With a known substance, when you shove it into a GC/MS, you can often match the output peaks against a library of known data and get a match pretty quick. But what about with an unknown substance?
To grossly oversimplify how GC/MS works, you basically have two "parts". The gas chromatograph separates out the material into its individual components (to some extent, depends on gas used, column used, a bunch of stuff), emitting the individual parts of the mixture (hopefully) out the other end.
The mass spec is a bit more complicated, but to massively simplify it, it breaks the molecule up somewhat into smaller ionized components, and separates them based on size (mass), giving you a spectrum of "well, it had a bunch of shit at this size, a bunch of shit at this size..." and so on.
Now - when molecules break up in the mass spec, the charged sub-units are often quite predictable and take some usual sizes, so you can kinda sorta make some guesses as to what they might be.

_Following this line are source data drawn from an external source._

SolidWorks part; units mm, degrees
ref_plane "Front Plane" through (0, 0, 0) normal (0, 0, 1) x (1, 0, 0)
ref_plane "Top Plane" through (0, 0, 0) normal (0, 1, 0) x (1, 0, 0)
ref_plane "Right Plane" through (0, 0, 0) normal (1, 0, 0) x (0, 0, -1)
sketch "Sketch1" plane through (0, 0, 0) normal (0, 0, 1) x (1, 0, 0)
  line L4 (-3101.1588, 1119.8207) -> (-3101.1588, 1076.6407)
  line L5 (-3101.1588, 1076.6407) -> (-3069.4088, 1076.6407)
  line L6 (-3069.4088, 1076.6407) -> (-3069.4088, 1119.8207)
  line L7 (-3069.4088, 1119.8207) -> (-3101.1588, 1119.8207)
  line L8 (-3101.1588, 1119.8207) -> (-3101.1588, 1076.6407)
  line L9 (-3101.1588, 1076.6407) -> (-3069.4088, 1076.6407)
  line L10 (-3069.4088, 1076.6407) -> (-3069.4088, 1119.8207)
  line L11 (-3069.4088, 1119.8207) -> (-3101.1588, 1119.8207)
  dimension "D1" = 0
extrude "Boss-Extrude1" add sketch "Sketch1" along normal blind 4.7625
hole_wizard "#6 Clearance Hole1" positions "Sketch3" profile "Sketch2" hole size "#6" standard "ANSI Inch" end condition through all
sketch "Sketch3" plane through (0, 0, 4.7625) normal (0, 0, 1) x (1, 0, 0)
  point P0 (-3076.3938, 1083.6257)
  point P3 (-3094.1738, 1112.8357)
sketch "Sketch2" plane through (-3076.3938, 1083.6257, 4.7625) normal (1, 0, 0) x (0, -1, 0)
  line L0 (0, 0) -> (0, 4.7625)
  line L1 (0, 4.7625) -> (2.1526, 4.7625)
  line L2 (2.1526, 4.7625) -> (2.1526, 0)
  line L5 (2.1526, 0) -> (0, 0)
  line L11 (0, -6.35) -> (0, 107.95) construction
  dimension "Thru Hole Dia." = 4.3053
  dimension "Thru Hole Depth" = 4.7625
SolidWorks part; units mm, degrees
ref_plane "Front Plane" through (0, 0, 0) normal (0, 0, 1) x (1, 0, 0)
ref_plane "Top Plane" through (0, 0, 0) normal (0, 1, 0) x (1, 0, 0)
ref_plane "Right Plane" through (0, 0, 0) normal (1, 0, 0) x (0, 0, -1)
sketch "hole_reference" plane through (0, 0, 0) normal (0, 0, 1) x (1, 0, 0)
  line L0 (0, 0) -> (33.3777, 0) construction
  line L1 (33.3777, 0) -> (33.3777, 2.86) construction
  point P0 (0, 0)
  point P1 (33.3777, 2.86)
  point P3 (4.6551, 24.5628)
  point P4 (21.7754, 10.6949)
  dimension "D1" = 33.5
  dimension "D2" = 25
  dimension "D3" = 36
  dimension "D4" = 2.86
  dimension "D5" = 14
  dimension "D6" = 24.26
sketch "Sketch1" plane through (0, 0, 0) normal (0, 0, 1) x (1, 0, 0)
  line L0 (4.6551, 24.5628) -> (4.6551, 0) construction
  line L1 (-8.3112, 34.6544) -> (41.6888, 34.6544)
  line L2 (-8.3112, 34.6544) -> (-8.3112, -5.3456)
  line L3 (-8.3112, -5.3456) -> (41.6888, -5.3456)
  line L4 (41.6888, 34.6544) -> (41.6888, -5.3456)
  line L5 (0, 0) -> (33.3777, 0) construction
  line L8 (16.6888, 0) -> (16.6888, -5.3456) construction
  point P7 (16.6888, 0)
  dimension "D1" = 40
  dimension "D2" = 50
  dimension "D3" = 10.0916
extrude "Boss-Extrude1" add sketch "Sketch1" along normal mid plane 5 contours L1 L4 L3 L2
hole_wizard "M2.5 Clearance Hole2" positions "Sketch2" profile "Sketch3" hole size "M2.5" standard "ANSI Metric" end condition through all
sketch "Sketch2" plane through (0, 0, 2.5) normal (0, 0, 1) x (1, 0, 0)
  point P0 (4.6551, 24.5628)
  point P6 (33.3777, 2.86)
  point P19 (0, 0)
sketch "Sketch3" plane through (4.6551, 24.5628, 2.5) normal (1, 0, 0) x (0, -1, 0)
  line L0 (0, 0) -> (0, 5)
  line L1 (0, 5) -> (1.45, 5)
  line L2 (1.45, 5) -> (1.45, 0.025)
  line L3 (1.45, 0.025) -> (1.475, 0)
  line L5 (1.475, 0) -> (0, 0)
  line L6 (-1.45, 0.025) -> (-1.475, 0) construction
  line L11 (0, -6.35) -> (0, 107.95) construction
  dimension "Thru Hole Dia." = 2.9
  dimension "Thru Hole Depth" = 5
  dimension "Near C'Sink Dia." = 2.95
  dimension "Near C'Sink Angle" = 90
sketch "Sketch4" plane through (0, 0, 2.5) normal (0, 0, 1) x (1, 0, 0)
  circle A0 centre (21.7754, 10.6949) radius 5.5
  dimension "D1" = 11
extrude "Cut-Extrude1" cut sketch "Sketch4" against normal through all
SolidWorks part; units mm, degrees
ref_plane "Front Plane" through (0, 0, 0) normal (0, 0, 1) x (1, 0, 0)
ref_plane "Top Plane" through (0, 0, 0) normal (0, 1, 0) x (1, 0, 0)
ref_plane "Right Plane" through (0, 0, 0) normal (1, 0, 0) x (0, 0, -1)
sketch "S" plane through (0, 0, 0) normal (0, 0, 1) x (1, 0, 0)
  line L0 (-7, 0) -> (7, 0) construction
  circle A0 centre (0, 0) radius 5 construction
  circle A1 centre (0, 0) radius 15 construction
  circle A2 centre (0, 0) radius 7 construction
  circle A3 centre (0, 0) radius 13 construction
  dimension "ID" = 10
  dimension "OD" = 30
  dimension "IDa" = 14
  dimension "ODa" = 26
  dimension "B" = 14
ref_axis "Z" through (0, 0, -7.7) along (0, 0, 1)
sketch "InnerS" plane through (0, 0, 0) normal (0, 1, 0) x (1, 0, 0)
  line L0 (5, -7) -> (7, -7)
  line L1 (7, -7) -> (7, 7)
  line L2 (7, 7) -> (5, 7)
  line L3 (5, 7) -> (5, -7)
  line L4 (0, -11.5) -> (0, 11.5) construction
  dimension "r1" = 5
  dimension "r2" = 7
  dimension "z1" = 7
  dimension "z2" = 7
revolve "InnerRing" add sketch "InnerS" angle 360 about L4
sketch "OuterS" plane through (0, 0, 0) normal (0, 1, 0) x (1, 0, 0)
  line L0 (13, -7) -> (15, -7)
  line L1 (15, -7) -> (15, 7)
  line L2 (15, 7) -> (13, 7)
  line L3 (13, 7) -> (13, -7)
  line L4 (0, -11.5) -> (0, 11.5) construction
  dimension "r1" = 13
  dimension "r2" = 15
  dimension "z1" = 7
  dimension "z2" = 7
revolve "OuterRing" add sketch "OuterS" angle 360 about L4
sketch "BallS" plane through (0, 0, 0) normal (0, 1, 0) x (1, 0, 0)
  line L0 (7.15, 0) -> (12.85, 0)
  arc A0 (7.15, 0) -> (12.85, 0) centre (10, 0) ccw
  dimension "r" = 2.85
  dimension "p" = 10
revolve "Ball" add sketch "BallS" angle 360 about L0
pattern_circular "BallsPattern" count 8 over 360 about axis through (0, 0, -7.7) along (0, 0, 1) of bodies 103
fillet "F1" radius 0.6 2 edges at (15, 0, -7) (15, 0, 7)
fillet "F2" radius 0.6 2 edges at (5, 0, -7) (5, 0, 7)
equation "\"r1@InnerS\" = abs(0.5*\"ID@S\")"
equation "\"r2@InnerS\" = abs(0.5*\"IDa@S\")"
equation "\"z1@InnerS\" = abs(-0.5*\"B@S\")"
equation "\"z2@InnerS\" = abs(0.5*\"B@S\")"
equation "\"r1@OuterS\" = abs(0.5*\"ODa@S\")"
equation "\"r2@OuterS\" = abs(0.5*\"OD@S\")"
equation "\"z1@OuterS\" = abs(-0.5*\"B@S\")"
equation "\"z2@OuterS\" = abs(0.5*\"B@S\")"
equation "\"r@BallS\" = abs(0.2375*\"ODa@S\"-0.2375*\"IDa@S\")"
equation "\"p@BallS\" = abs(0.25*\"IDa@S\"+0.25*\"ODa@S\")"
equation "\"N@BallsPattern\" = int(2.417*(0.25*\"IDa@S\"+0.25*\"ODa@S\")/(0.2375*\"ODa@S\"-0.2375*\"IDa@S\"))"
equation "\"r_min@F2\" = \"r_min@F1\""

What they did in this paper was feed a tonne of that data to a neural network, in the hopes that when presented with an unknown sample, it would be able to make somewhat of a guess as to what category/family of drug the sample belonged to, and achieved somewhat promising results.
This is pretty fucking cool, and I am excited to see this kind of work develop further.
The scientific controversy on the conversion of CBD into THC in the human stomach: Molecular modelling and experimental results compared.
This paper (DOI: 10.1016/j.forc.2023.100467) tries get answers for something that some of us have been wondering about for a while now. It doesn't get anything I'd call conclusive, but more data is always good.
Firstly, an introduction to the problem: under acidic conditions, CBD can undergo a variety of fun and exciting isomerization and ring closure reactions to produce other cannabinoids, including HHC or THC, depending on conditions. Both delta-8 and delta-9 THC seemingly can be produced this way.
This process occurs under an extremely wide variety of conditions, lets just say, there are a lot of Jessie's who have figured out how to conduct this process.
In the human body, the stomach is an acidic conditions. Given the reaction is quite forgiving in terms of reaction conditions, and the stomach is "eh, probably super good enough", the question becomes: if you eat CBD products, can they turn into just enough THC in your stomach to set off a drug test?
TL;DR after doing an assload of computational modelling and such, these scientists don't think so. Others disagree. Such is life in science land.
I'd like to see a simpler experiment done: test someone for THC/CBD at a point in time, then have them eat commercially available CBD infused products for a couple weeks at a "normal rate", then test them again. I've a sneaking suspicion real-world testing will go "actually, fuck your models" and produce some fun result.